Le syndicat aimerait également que la direction de la STQ soit plus proactive lorsqu’il s’agit de développer des partenariats avec d’autres institutions pour augmenter l’achalandage dans les périodes creuses, que ce soit les commissions scolaires qui amènent des dizaines d’autobus remplis d’écoliers au Musée de la civilisation ou les hôteliers qui n’ont pas accès aux excursions sur le fleuve plusieurs mois par année. Malheureusement, ce ne sont pas les idées qui manquent. À la suite des changements à la direction locale, l’ouverture manifestée il y a deux ans est moins présente.


À la défense du service public

Le Syndicat des employés de la Société des traversiers Québec-Lévis (CSN) lie intimement la défense du service public et la défense des intérêts de ses membres.

« Nous nous sommes toujours battus pour maintenir des heures étendues et des prix abordables pour la clientèle. C’est simple : un service public si tu n’as pas de clientèle, tu n’as pas de service, si tu n’as pas de service tu n’as pas de membres, donc pas d’emplois à défendre », explique France Paré. « Évidemment, quand on se bat pour des heures, c’est pour nos membres, mais c’est aussi pour la population, tout cela est lié », explique la trésorière.

La pratique est ancrée depuis longtemps.
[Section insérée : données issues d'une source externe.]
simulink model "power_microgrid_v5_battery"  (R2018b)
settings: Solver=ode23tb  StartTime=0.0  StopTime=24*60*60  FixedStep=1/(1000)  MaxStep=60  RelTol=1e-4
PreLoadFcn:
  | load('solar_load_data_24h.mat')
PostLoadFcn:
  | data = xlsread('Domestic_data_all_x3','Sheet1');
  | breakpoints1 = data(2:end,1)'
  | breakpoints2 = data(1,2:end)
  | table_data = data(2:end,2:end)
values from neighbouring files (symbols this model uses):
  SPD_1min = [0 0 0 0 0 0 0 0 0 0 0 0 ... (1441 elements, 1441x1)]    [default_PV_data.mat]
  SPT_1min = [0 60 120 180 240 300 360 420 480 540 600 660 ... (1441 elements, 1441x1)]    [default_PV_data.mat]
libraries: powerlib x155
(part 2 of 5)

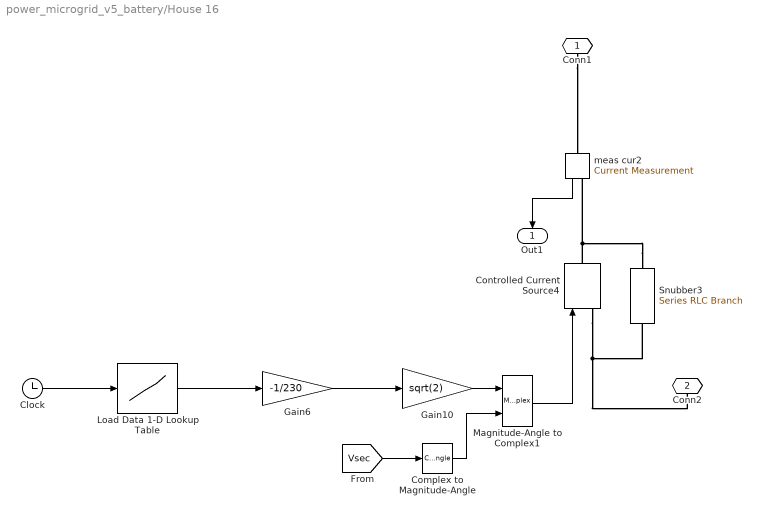
== system power_microgrid_v5_battery/House 16 ==
  Clock : Clock
  Complex to Magnitude-Angle : ComplexToMagnitudeAngle  Output=Angle
  Controlled Current Source4 : powerlib/Electrical Sources/Controlled Current Source  Initialize=on  Source_Type=AC  Amplitude=0  Phase=0  Frequency=50  Measurements=None
      settings: SourceProductName=Simscape Electrical
  Gain10 : Gain  Gain=sqrt(2)
  Gain6 : Gain  Gain=-1/230
  Load Data 1-D Lookup Table : Lookup_n-D  NumberOfTableDimensions=1  BreakpointsForDimension1="[0.00\t600.00\t1200.00\t1800.00\t2400.00\t3000.00\t3600.00\t4200.00\t4800.00\t5400.00\t6000.00\t6600.00\t7200.00\t7800.00\t8400.00\t9000.00\t9600.00\t10200.00\t10800.00\t11400.00\t12000.00\t12600.00\t13200.00\t13800.00\t14400.00\t15000.00\t15600.00\t16200.00\t16800.00\t17400.00\t18000.00\t18600.00\t19200.00\t19800.00\t20400.00\t21000.00\t21600.00\t22200.00\t22800.00\t23400.00\t24000.00\t24600.00\t25200.00\t25800.00\t26400.00\t27000.00\t27600.00\t28200.00\t28800.00\t29400.00\t30000.00\t30600.00\t31200.00\t31800.00\t32400.00\t33000.00\t33600.00\t34200.00\t34800.00\t35400.00\t36000.00\t36600.00\t37200.00\t37800.00\t38400.00\t39000.00\t39600.00\t40200.00\t40800.00\t41400.00\t42000.00\t42600.00\t43200.00\t43800.00\t44400.00\t45000.00\t45600.00\t46200.00\t46800.00\t47400.00\t48000.00\t48600.00\t49200.00\t49800.00\t50400.00\t51000.00\t51600.00\t52200.00\t52800.00\t53400.00\t54000.00\t54600.00\t55200.00\t55800.00\t56400.00\t57000.00\t57600.00\t58200.00\t58800.00\t59400.00\t60000.00\t60600.00\t61200.00\t61800.00\t62400.00\t63000.00\t63600.00\t64200.00\t64800.00\t65400.00\t66000.00\t66600.00\t67200.00\t67800.00\t68400.00\t69000.00\t69600.00\t70200.00\t70800.00\t71400.00\t72000.00\t72600.00\t73200.00\t73800.00\t74400.00\t75000.00\t75600.00\t76200.00\t76800.00\t77400.00\t78000.00\t78600.00\t79200.00\t79800.00\t80400.00\t81000.00\t81600.00\t82200.00\t82800.00\t83400.00\t84000.00\t84600.00\t85200.00\t85800.00\t86400.00]"  BeginIndexSearchUsingPreviousIndexResult=on  Table="[179.5\t163.3\t152.9\t132.5\t118.9\t111.3\t124.6\t103.3\t83.5\t81.2\t85.9\t85.2\t91.9\t95.6\t95.9\t81.8\t83.7\t86.7\t93.8\t81.2\t92.7\t99.4\t112.6\t88.2\t85.6\t78.4\t88.4\t93.9\t86.1\t86.0\t111.7\t143.5\t122.7\t136.8\t142.2\t135.1\t145.6\t141.8\t152.1\t140.3\t167.9\t256.6\t226.1\t263.8\t283.9\t303.3\t279.5\t294.9\t282.3\t288.8\t333.5\t360.9\t421.4\t494.2\t392.5\t439.7\t395.9\t394.4\t364.9\t353.0\t359.1\t370.9\t398.5\t447.4\t344.5\t330.8\t306.8\t331.3\t331.9\t307.6\t371.3\t387.4\t376.6\t360.2\t414.1\t445.1\t411.1\t389.5\t425.2\t340.0\t316.3\t332.8\t352.3\t301.8\t261.8\t298.1\t350.9\t327.8\t296.5\t319.6\t368.4\t327.2\t265.7\t277.9\t292.9\t301.4\t377.9\t336.0\t324.6\t353.8\t389.7\t355.9\t328.4\t325.9\t378.1\t338.0\t379.1\t414.8\t418.1\t464.8\t488.1\t489.1\t485.7\t581.3\t579.7\t526.2\t551.4\t618.6\t628.5\t578.8\t553.3\t481.5\t455.6\t487.9\t507.3\t497.6\t515.4\t510.2\t490.5\t500.5\t494.1\t532.9\t506.5\t466.6\t438.0\t385.4\t381.2\t385.9\t351.7\t371.3\t340.8\t320.2\t277.0\t228.9\t179.5]"  InternalRulePriority=Speed  RndMeth=Simplest  InputSameDT=on
  Magnitude-Angle to Complex1 : MagnitudeAngleToComplex
  Snubber3 : powerlib/Elements/Series RLC Branch  LConnTagsString=__new0  RConnTagsString=__new0  BranchType=R  Resistance=1e6  Inductance=1e-3  SetiL0=off  InitialCurrent=0  Capacitance=1e-6  Setx0=off  InitialVoltage=0  Measurements=None
      settings: SourceProductName=Simscape Electrical
  meas cur2 : powerlib/Measurements/Current Measurement  PhasorSimulation=on  OutputType=Complex  PSBequivalent=0
      settings: SourceProductName=Simscape Electrical
  Conn1 : PMIOPort  Side=Left
  Conn2 : PMIOPort  Port=2  Side=Right
  Out1 : Outport
  wires:
  meas cur2/1 -> Out1/1
  Clock/1 -> Load Data 1-D Lookup Table/1
  Magnitude-Angle to Complex1/1 -> Controlled Current Source4/1
  Load Data 1-D Lookup Table/1 -> Gain6/1
  Complex to Magnitude-Angle/1 -> Magnitude-Angle to Complex1/2
  Gain10/1 -> Magnitude-Angle to Complex1/1
  Gain6/1 -> Gain10/1
  [Vsec] -> Complex to Magnitude-Angle/1
  connections:
  Conn1/RConn1 -- meas cur2/LConn1
  Snubber3/LConn1 -- meas cur2/RConn1 -- Controlled Current Source4/RConn1
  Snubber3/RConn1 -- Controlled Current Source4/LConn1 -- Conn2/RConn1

D’ailleurs, Éric Bégin tient à saluer le travail de 38 ans mené par son prédécesseur, Luc Desjardins, qui n’a jamais hésité à faire des alliances avec des comités de citoyens et a ouvert la voie par de nombreux combats syndicaux pour maintenir l’intégrité du service de traversier. « Le syndicat CSN remplit un double mandat de représentation de ses membres et de représentation sociopolitique plus large, ce qui est dommage c’est que la population ne voit pas le travail, elle ne comprend pas que les baisses de tarifs sont dues à des pressions syndicales », déplore M. Bégin.

« Nous nous sommes toujours battus pour le traversier », rappelle France Paré qui constate que ce n’est pas toujours le cas des acteurs politiques de la région. « À part quand il y a une grève, on n’entend pas beaucoup les députés et les maires défendre le traversier et son importance», note France Paré.

« Quand j’entends le maire de Lévis dire que le pont de Québec c’est le premier lien, ça m’enrage ! Le premier lien, c’est le traversier », lance France Paré. « On a un super beau service de traversiers dans la région dont on peut être fier, on invite tous les syndiqué-es CSN de la région et leur famille à venir nous voir à la traverse Québec-Lévis et surtout de profiter d’une belle traversée », conclut Éric Bégin.